# Impact of External Knowledge on PKG

---

## Preparation

Please first prepare the OpenAI API keys and the MPT-7B model in advance. Put all your available OpenAI API keys under folder `utils/available_keys.txt` (one in a line) to construct a pool for API calling. Besides, please download your own copy of MPT-7B model, and put the checkpoint in folder `mpt_model`.

## Experiments

The experiment in paper can mainly be divided into 4 separate sections, respectively PKG construction, data chain extraction, main experiments and results analysis. All the main codes are under the root folder. For all the codes, you could change the *parameter* snippet as marked in each file in order to change the introduced distractors, tested model, etc.
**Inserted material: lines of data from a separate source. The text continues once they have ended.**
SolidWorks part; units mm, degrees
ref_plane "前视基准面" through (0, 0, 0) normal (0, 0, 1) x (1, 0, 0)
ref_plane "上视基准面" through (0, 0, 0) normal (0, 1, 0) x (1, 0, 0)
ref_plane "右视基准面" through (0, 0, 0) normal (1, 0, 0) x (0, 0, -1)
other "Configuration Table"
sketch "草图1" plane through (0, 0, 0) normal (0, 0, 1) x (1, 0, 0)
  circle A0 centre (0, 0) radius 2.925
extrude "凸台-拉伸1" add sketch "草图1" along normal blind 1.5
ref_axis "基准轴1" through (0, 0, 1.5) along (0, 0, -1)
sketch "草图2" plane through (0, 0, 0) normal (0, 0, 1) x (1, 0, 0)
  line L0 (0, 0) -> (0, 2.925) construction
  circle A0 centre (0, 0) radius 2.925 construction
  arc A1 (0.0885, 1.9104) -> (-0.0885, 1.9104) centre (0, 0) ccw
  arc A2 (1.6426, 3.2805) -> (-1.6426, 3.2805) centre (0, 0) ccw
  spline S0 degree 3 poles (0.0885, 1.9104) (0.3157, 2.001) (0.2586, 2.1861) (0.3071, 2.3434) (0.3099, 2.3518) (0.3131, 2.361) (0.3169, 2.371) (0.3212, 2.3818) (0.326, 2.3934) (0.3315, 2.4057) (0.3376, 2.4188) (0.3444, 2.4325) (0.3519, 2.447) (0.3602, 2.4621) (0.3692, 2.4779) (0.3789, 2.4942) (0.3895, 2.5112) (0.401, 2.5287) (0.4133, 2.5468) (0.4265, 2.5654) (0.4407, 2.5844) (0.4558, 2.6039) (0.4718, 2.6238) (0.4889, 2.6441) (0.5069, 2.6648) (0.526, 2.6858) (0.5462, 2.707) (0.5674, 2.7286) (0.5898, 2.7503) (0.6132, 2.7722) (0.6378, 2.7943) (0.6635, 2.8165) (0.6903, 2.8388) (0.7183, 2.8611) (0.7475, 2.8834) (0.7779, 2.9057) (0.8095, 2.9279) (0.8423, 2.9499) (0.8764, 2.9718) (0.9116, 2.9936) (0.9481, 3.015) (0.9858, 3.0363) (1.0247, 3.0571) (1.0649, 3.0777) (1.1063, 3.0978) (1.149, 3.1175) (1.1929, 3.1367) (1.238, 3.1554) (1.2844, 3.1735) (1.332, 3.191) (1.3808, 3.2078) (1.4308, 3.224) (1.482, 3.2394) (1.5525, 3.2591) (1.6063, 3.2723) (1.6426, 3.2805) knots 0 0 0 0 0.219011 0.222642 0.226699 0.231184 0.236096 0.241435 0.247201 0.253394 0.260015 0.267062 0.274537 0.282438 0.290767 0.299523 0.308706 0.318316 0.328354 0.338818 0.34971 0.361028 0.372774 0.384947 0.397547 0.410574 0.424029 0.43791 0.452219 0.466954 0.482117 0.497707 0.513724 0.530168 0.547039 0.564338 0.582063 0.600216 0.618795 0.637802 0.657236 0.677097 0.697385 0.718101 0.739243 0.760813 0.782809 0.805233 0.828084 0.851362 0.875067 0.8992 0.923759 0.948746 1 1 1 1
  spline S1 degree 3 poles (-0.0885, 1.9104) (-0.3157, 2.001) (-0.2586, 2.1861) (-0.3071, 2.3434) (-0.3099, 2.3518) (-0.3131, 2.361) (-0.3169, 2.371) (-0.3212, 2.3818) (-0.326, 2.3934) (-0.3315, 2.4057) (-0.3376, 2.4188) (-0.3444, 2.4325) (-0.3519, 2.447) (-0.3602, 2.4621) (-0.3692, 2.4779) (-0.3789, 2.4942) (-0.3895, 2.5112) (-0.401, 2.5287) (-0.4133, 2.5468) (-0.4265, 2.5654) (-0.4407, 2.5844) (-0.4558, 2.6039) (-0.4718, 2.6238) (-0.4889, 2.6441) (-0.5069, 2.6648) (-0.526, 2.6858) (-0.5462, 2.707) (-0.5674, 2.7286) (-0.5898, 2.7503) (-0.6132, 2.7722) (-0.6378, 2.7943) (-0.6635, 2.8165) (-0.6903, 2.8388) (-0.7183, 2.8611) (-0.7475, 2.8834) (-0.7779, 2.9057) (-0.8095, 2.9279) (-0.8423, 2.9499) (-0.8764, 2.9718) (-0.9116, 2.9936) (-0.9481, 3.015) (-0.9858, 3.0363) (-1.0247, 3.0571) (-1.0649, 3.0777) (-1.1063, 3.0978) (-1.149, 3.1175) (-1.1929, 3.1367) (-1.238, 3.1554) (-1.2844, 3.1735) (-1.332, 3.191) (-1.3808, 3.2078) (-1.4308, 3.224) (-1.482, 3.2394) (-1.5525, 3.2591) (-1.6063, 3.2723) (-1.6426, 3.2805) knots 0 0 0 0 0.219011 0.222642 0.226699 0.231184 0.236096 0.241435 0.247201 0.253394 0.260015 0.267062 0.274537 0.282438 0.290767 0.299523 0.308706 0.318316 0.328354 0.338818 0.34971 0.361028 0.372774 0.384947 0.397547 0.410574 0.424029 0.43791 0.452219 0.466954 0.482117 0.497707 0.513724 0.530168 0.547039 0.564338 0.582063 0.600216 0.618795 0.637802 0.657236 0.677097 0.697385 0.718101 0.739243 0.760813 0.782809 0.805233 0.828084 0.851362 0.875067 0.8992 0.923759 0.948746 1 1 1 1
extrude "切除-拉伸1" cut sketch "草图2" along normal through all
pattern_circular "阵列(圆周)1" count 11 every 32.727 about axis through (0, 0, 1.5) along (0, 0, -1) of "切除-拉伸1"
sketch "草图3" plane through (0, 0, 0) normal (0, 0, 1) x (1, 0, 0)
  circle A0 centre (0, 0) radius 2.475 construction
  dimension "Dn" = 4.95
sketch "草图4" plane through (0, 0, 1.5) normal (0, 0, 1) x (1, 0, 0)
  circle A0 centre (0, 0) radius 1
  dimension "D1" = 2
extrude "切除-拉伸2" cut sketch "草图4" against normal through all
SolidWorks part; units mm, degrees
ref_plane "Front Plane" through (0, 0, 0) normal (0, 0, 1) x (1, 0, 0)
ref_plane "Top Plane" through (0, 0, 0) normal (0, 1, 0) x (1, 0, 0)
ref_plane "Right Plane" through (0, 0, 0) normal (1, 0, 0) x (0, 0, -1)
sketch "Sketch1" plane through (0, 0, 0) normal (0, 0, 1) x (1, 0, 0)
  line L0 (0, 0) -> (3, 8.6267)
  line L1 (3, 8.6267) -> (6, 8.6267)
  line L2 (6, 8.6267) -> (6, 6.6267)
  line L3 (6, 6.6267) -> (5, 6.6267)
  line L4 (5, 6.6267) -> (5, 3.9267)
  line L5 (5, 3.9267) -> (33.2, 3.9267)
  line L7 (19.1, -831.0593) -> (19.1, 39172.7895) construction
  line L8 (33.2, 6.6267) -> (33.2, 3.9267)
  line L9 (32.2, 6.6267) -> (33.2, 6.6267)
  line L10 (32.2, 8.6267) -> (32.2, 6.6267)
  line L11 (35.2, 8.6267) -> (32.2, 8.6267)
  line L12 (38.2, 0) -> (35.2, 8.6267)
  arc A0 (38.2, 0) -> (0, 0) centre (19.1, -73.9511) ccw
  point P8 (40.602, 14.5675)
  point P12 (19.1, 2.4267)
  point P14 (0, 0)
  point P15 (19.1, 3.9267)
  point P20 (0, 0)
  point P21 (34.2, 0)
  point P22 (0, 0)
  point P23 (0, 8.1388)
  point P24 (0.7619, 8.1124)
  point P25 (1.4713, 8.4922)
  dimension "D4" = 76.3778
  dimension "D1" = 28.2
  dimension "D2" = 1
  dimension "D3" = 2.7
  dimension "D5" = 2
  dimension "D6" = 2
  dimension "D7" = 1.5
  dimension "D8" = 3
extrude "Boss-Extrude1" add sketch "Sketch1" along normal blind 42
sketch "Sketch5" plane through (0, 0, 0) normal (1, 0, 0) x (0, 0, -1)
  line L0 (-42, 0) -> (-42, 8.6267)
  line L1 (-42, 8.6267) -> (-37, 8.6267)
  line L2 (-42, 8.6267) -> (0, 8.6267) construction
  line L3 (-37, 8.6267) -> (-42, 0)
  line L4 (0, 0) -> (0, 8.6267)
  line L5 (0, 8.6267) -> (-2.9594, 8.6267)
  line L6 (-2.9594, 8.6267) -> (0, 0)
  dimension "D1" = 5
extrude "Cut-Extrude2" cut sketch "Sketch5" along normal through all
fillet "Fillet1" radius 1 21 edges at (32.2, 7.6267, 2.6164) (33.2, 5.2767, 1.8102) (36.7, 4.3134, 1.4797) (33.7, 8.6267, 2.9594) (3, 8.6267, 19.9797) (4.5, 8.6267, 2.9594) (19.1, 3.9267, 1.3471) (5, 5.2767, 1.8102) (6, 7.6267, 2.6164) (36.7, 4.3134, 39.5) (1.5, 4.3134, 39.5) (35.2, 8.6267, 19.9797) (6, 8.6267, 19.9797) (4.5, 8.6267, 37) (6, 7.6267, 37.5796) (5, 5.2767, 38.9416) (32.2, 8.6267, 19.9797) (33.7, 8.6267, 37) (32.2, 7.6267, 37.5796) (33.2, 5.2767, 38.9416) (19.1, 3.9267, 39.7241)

We will introduced sequentially in the following.

### PKG Construction

Initially, please customize your rules and put them under the `utils` folder. The `rule_simple.json` in this file provide the rules we apply in our experiments and serve as an example. The rules are organized into a dictionary. Besides the key "*multi_rules*" for which we will introduce later, other rules are in the format:

```python
Source Type : [[Relation1, Target Type1], [Relation2, Target Type2], ...]
```

The "*multi_rules*" are used to reveal multi-dependent relations. The rules in it follow the format:

```python
Source Type: [[Relation1, Companion Type1, Target Type1, Prompt Qiestion1], ...]
```

The *Relation* and *Prompt Question* in each rule contains "##" and "[]", which are the place holder for source entity and companion entity respectively. *Prompt questions* are used to seek companion entities in the current graph structure.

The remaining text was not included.